──────── Dataset content
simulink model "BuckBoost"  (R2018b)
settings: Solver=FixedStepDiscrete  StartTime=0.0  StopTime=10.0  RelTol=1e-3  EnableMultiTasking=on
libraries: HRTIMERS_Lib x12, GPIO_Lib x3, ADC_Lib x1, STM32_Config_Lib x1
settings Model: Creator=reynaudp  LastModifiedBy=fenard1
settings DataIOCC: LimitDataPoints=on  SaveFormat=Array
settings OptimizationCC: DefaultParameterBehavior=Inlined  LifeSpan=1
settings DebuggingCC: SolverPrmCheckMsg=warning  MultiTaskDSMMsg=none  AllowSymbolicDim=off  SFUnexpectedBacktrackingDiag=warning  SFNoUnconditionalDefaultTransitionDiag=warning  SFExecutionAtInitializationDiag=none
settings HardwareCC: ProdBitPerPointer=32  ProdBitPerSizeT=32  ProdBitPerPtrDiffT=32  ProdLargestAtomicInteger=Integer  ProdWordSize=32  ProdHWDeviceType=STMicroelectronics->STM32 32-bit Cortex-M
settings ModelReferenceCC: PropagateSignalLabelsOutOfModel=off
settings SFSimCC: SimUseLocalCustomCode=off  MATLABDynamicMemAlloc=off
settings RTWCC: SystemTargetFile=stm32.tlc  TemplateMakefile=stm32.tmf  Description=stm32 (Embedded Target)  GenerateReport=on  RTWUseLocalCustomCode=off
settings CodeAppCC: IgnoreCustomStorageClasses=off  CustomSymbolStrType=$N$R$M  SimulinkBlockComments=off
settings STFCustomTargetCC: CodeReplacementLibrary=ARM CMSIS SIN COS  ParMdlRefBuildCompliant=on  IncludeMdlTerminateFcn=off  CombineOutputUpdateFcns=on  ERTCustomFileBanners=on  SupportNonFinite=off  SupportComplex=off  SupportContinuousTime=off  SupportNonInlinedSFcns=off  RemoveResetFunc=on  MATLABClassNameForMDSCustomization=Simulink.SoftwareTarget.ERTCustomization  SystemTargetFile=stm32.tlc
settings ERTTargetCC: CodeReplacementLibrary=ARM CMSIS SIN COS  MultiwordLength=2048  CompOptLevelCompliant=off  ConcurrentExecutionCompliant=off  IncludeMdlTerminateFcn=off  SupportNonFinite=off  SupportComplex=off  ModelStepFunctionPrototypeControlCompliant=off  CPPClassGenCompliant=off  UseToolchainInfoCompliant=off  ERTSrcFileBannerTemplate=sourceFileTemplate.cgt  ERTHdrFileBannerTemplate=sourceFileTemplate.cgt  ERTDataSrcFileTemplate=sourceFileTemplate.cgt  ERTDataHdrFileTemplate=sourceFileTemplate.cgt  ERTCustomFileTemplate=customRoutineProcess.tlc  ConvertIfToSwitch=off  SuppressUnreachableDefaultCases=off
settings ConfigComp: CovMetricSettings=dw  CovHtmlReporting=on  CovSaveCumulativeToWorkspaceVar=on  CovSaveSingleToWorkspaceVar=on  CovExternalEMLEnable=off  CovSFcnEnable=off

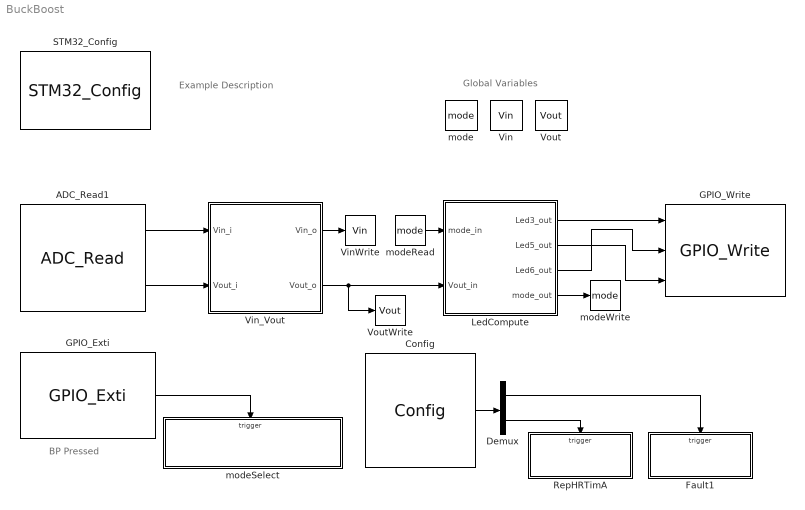
== system BuckBoost ==
  note: Example Description
  note: Global Variables
  note: BP Pressed
  ADC_Read1 : ADC_Lib/ADC_Read  ADC_Name=ADC1  ADC_Ch0=off  ADC_Ch1=off  ADC_Ch2=on  ADC_Ch3=off  ADC_Ch4=on  ADC_Ch5=off  ADC_Ch6=off  ADC_Ch7=off  ADC_Ch8=off  ADC_Ch9=off  ADC_Ch10=off  ADC_Ch11=off  ADC_Ch12=off  ADC_Ch13=off  ADC_Ch14=off  ADC_Ch15=off  ADC_Ch16=off  ADC_Ch17=off  ADC_Ch18=off  RgRk1=off  RgRk2=off  RgRk3=off  RgRk4=off  RgRk1_Ch=off  RgRk2_Ch=off  RgRk3_Ch=off  RgRk4_Ch=off  RgRk5=off  RgRk6=off  RgRk7=off  RgRk8=off  RgRk5_Ch=off  RgRk6_Ch=off  RgRk7_Ch=off  RgRk8_Ch=off  RgRk9=off  RgRk10=off  RgRk11=off  RgRk12=off  RgRk9_Ch=off  RgRk10_Ch=off  RgRk11_Ch=off  RgRk12_Ch=off  RgRk13=off  RgRk14=off  RgRk15=off  RgRk16=off  RgRk13_Ch=off  RgRk14_Ch=off  RgRk15_Ch=off  RgRk16_Ch=off  InjRk1=on  InjRk2=on  InjRk3=off  InjRk4=off  InjRk1_Ch=Ch2_i1  InjRk2_Ch=Ch4_i2  InjRk3_Ch=off  InjRk4_Ch=off  ADC_Trig=Not used  ADC_TrigEdge=Not used  DmaReq=off  DMA_Buffer=0  ItReq=off  AWD_Mode=NOT_USED  AWD_Ch=0  AWD_HThres=0  AWD_LThres=0  AWD_En_Int=off  AWD2_HThres=0  AWD2_LThres=0  AWD2_En_Int=off  AWD3_HThres=0  AWD3_LThres=0  AWD3_En_Int=off  EOC_SEQ=off  EOC_IT=off  JEOC_IT=off  AWD_IT=off  OVR_IT=off  CpltTrans=off  HalfTrans=off  ADC_RegNb=0  ADC_RegCh0=off  ADC_RegCh1=off  ADC_RegCh2=off  ADC_RegCh3=off  ADC_RegCh4=off  ADC_RegCh5=off  ADC_RegCh6=off  ADC_RegCh7=off  ADC_RegCh8=off  ADC_RegCh9=off  ADC_RegCh10=off  ADC_RegCh11=off  ADC_RegCh12=off  ADC_RegCh13=off  ADC_RegCh14=off  ADC_RegCh15=off  ADC_RegCh16=off  ADC_RegCh17=off  ADC_RegCh18=off  ADC_InjNb=2  ADC_InjCh0=off  ADC_InjCh1=off  ADC_InjCh2=on  ADC_InjCh3=off  ADC_InjCh4=on  ADC_InjCh5=off  ADC_InjCh6=off  ADC_InjCh7=off  ADC_InjCh8=off  ADC_InjCh9=off  ADC_InjCh10=off  ADC_InjCh11=off  ADC_InjCh12=off  ADC_InjCh13=off  ADC_InjCh14=off  ADC_InjCh15=off  ADC_InjCh16=off  ADC_InjCh17=off  ADC_InjCh18=off  ADC_RegRank0=0  ADC_RegRank1=0  ADC_RegRank2=0  ADC_RegRank3=0  ADC_RegRank4=0  ADC_RegRank5=0  ADC_RegRank6=0  ADC_RegRank7=0  ADC_RegRank8=0  ADC_RegRank9=0  ADC_RegRank10=0  ADC_RegRank11=0  ADC_RegRank12=0  ADC_RegRank13=0  ADC_RegRank14=0  ADC_RegRank15=0  ADC_RegRank16=0  ADC_RegRank17=0  ADC_RegRank18=0  ADC_InjRank0=0  ADC_InjRank1=0  ADC_InjRank2=1  ADC_InjRank3=0  ADC_InjRank4=2  ADC_InjRank5=0  ADC_InjRank6=0  ADC_InjRank7=0  ADC_InjRank8=0  ADC_InjRank9=0  ADC_InjRank10=0  ADC_InjRank11=0  ADC_InjRank12=0  ADC_InjRank13=0  ADC_InjRank14=0  ADC_InjRank15=0  ADC_InjRank16=0  ADC_InjRank17=0  ADC_InjRank18=0  NbADC=1  CurrentADC=ADC1
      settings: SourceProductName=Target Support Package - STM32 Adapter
────────────────
- What to produce
Where the listing above has a line with "settings CodeAppCC: IgnoreCustomStorageClasses=off", start there, and output every line exactly through the line with "settings ERTTargetCC: CodeReplacementLibrary=ARM", which is also included.

- Response
settings CodeAppCC: IgnoreCustomStorageClasses=off  CustomSymbolStrType=$N$R$M  SimulinkBlockComments=off
settings STFCustomTargetCC: CodeReplacementLibrary=ARM CMSIS SIN COS  ParMdlRefBuildCompliant=on  IncludeMdlTerminateFcn=off  CombineOutputUpdateFcns=on  ERTCustomFileBanners=on  SupportNonFinite=off  SupportComplex=off  SupportContinuousTime=off  SupportNonInlinedSFcns=off  RemoveResetFunc=on  MATLABClassNameForMDSCustomization=Simulink.SoftwareTarget.ERTCustomization  SystemTargetFile=stm32.tlc
settings ERTTargetCC: CodeReplacementLibrary=ARM CMSIS SIN COS  MultiwordLength=2048  CompOptLevelCompliant=off  ConcurrentExecutionCompliant=off  IncludeMdlTerminateFcn=off  SupportNonFinite=off  SupportComplex=off  ModelStepFunctionPrototypeControlCompliant=off  CPPClassGenCompliant=off  UseToolchainInfoCompliant=off  ERTSrcFileBannerTemplate=sourceFileTemplate.cgt  ERTHdrFileBannerTemplate=sourceFileTemplate.cgt  ERTDataSrcFileTemplate=sourceFileTemplate.cgt  ERTDataHdrFileTemplate=sourceFileTemplate.cgt  ERTCustomFileTemplate=customRoutineProcess.tlc  ConvertIfToSwitch=off  SuppressUnreachableDefaultCases=off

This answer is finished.